1. Begin by counting up the frequencies of all the letters in the ciphertext. About five of the letters should have a frequency of less than 1 per cent, and these probably represent j, k, q, x and z. One of the letters should have a frequency greater than 10 per cent, and it probably represents e. If the ciphertext does not obey this distribution of frequencies, then consider the possibility that the original message was not written in English. You can identify the language by analyzing the distribution of frequencies in the ciphertext. For example, typically in Italian there are three letters with a frequency greater than 10 per cent, and nine letters have frequencies less than 1 per cent. In German, the letter e has the extraordinarily high frequency of 19 per cent, so any ciphertext containing one letter with such a high frequency is quite possibly German. Once you have identified the language you should use the appropriate table of frequencies for that language for your frequency analysis. It is often possible to unscramble ciphertexts in an unfamiliar language, as long as you have the appropriate frequency table.

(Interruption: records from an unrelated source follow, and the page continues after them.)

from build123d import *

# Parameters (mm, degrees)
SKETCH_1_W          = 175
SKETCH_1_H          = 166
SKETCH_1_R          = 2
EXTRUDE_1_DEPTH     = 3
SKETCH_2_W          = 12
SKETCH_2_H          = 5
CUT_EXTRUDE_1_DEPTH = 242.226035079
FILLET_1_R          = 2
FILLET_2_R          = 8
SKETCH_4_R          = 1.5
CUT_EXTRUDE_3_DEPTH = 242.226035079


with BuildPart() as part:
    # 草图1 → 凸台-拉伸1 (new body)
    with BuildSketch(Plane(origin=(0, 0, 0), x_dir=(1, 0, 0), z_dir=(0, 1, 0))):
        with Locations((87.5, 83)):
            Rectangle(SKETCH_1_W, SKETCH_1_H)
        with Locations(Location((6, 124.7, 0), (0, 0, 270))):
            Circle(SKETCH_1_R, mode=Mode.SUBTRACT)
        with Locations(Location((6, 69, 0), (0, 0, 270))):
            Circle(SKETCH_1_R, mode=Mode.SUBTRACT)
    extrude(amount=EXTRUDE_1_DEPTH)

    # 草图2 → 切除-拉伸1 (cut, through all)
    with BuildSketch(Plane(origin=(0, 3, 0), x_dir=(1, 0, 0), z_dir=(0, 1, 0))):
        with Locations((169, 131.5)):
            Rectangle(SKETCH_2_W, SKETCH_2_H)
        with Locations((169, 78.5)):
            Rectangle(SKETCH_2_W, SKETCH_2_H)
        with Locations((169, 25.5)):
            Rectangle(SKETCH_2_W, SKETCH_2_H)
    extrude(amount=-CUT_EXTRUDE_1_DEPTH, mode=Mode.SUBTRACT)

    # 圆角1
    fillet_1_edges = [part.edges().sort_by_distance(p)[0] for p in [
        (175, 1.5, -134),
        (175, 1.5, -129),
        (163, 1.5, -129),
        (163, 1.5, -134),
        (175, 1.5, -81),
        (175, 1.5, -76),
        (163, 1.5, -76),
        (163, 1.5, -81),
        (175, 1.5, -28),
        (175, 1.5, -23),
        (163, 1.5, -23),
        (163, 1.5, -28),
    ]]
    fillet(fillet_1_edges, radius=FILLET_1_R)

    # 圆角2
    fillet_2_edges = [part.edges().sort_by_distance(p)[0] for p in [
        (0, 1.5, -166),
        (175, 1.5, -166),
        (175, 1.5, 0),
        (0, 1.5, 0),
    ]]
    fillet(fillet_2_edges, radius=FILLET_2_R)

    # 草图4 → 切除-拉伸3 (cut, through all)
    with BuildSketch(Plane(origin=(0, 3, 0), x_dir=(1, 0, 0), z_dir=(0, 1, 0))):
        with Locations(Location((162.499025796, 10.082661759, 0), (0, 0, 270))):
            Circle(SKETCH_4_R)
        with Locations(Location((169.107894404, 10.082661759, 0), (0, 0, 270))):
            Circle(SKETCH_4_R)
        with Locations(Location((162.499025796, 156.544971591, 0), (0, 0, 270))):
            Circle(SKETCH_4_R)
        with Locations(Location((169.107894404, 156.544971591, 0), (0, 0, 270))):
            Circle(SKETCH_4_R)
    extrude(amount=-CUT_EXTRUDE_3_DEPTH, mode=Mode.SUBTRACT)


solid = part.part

2. If the correlation is sympathetic with English but the plaintext does not reveal itself immediately, which is often the case, then focus on pairs of repeated letters. In English the most common repeated letters are ss, ee, tt, ff, ll, mm and oo. If the ciphertext contains any repeated characters, you can assume that they represent one of these.

3. If the ciphertext contains spaces between words, then try to identify words containing just one, two or three letters. The only one-letter words in English are a and i. The commonest two-letter words are of, to, in, it, is, be, as, at, so, we, he, by, or, on, do, if, me, my, up, an, go, no, us, am. The most common three-letter words are the and and.

4. If possible, tailor the table of frequencies to the message you are trying to decipher. For example, military messages tend to omit pronouns and articles, and the loss of words such as i, he, a and the will reduce the frequency of some of the commonest letters. If you know you are tackling a military message, you should use a frequency table generated from other military messages.

5. One of the most useful skills for a cyptanalyst is the ability to identify words, or even entire phrases, based on experience or sheer guesswork. Al-Khalīl, an early Arabian cryptanalyst, demonstrated this talent when he cracked a Greek ciphertext. He guessed that the ciphertext began with the greeting “In the name of God”. Having established that these letters corresponded to a specific section of ciphertext, he could use them as a crowbar to pry open the rest of the ciphertext. This is known as a crib.